Muß ich das verstehen?


----------



## Ralle (4 Januar 2023)

Noch eine Warnung:
Mit der PG-Schnittstelle bringet man TIA offensichtlich zu Fall.
Bei mir hat es jedenfalls dafür gesorgt, dass TIA nicht mehr online geht. Hab ich gerade bemerkt. 
Wenn ich mehr Erkenntnisse gewinne, melde ich mich noch einmal.


----------



## DeltaMikeAir (4 Januar 2023)

Ralle schrieb:


> Muß ich das verstehen?


Wohl eine Anspielung darauf, das es erst 10 Jahre und ein paar zerquetschte her ist.....


----------



## Ralle (4 Januar 2023)

DeltaMikeAir schrieb:


> Wohl eine Anspielung darauf, das es erst 10 Jahre und ein paar zerquetschte her ist.....


Mein Gott, ich hab Jahr 12-23 gerechnet. Etwas großzügig, aber immer diese Krümelkacker


----------



## Ralle (4 Januar 2023)

So nun noch ein Nachtrag:
Wenn man in der PG-Schnittstelle den Weg auf die derzeit aktive Netzwerkkarte stellt, und das Programm warnt einen, dass dann eine Verbindung über einen Router nicht mehr funktioniert, dann tut sie das anschließend wirklich nicht mehr! 
Ich hab das über die PG-Schnittstelle wieder hinbekommen, inden ich im 2. Reiter LLDP/DCP die betreffende Netzwerkkarte deaktivert habe, Neustart Win, anschleißend wieder aktivieren, Neustart Win. Danach lief alles wider normal, auch WINCC Adv. Runtime läuft auf dem gleichen Rechner inkl.Verbindung zur SPS.


----------



## leo (4 Januar 2023)

integer ist ja auch ressourcenschonender als gleitpunkt


----------



## JesperMP (4 Januar 2023)

Ralle schrieb:


> Noch eine Warnung:
> Mit der PG-Schnittstelle bringet man TIA offensichtlich zu Fall.
> Bei mir hat es jedenfalls dafür gesorgt, dass TIA nicht mehr online geht. Hab ich gerade bemerkt.
> Wenn ich mehr Erkenntnisse gewinne, melde ich mich noch einmal.


Ja dass wäre interessant.
Welche Einstellung, welche Schnittstelle hatte TIA zur Fall gebracht ?
TIA version ?


----------



## Ralle (4 Januar 2023)

JesperMP schrieb:


> Ja dass wäre interessant.
> Welche Einstellung, welche Schnittstelle hatte TIA zur Fall gebracht ?
> TIA version ?


Wie ich oben schrieb, es war nicht wirklich TIA, das gesamte Netzwerk lief nicht mehr, irgendwas hatte die PG-Schnittstelle so umgebogen, dass ich nciht einmal mehr in Ping durchgebracht habe.


----------



## ChristophD (4 Januar 2023)

Ralle schrieb:


> Wie ich oben schrieb, es war nicht wirklich TIA, das gesamte Netzwerk lief nicht mehr, irgendwas hatte die PG-Schnittstelle so umgebogen, dass ich nciht einmal mehr in Ping durchgebracht habe.
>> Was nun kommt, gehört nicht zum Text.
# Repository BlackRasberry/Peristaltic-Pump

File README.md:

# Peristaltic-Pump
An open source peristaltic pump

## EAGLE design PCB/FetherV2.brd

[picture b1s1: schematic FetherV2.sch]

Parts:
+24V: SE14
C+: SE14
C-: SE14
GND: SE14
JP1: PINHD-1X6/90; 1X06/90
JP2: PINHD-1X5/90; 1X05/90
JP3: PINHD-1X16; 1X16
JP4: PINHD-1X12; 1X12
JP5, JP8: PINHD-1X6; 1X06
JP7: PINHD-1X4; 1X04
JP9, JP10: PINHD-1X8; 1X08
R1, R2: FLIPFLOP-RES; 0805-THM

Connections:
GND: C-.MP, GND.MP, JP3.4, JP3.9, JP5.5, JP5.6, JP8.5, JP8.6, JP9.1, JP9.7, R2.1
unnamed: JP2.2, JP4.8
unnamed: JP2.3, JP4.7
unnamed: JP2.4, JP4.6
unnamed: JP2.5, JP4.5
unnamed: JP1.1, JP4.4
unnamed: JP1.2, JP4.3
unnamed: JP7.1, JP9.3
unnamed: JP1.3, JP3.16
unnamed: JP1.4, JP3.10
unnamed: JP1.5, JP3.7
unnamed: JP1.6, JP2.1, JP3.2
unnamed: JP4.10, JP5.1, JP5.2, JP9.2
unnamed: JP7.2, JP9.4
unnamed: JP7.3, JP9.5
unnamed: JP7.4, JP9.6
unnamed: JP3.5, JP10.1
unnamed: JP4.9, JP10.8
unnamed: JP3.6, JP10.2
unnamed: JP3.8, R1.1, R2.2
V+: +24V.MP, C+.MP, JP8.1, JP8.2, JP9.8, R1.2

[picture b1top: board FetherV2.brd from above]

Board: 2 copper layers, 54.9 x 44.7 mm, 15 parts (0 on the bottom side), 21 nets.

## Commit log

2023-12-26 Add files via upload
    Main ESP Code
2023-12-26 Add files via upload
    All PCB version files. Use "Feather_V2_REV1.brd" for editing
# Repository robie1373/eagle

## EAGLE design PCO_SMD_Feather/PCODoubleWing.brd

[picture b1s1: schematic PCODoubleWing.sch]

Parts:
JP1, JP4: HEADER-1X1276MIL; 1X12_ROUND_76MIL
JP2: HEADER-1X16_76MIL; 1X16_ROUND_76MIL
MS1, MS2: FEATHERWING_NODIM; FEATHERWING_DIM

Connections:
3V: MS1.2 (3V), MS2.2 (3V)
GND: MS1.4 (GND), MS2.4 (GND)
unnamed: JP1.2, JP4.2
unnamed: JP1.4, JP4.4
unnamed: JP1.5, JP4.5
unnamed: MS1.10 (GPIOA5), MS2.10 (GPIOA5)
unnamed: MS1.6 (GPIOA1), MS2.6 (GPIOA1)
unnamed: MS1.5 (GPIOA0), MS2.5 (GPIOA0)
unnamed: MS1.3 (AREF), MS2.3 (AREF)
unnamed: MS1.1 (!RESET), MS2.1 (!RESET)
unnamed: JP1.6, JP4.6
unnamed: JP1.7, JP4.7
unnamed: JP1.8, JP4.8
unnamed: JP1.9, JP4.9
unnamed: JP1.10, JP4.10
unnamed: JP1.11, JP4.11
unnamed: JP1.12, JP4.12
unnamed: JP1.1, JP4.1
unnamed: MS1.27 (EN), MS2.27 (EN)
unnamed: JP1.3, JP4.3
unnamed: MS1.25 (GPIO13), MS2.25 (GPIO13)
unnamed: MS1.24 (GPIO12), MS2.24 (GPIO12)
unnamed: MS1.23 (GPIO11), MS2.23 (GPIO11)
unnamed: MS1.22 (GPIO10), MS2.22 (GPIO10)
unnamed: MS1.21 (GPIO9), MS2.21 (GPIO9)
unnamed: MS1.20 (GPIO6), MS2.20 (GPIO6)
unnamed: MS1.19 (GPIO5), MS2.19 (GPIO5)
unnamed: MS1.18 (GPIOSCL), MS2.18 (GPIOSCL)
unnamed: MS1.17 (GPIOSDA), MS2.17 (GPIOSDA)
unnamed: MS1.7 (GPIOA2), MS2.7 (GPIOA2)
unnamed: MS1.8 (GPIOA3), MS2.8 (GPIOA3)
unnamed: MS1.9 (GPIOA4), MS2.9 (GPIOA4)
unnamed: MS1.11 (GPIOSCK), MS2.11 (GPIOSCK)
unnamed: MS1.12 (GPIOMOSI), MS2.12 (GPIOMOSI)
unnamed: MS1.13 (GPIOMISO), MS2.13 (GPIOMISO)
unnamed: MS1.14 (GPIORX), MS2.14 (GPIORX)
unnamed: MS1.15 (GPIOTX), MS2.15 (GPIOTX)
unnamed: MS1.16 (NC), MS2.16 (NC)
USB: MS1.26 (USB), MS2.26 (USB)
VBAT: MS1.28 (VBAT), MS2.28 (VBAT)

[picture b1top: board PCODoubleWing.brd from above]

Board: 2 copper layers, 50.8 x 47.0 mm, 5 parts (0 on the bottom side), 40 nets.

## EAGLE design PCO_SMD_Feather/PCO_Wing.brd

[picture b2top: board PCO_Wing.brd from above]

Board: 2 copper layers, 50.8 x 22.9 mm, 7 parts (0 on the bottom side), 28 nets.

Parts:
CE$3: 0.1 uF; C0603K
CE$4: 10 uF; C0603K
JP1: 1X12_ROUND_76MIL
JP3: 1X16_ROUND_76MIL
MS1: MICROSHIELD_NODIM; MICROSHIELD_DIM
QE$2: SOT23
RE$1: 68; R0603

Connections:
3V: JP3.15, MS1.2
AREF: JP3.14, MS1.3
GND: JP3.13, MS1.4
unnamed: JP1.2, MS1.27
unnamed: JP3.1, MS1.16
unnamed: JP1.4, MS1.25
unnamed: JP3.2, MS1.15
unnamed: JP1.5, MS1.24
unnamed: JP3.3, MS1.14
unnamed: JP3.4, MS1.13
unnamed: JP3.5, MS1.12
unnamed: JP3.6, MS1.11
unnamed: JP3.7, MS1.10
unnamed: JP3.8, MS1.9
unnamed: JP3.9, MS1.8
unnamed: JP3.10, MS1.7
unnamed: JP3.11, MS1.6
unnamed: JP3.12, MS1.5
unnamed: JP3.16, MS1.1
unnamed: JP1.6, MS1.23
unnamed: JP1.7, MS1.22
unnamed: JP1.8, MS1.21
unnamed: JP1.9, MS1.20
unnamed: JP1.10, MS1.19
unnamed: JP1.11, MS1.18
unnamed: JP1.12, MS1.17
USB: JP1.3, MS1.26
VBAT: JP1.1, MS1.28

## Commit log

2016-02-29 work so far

eventuell irgend etwas mit AUTO am ende eingestellt gehabt? Dann kann sowas passieren


----------



## Ralle (4 Januar 2023)

ChristophD schrieb:


> eventuell irgend etwas mit AUTO am ende eingestellt gehabt? Dann kann sowas passieren


Ja, das kann sein, es kam ja auch eine Warnung. Aber mit der .Auto-Schnittstelleneinstellung hatte ich noch nie ein Problem.
Man muß halt doch mächtig aufpassen, die Netzwereinstellungen sind schnell verfrickelt.


----------



## ChristophD (4 Januar 2023)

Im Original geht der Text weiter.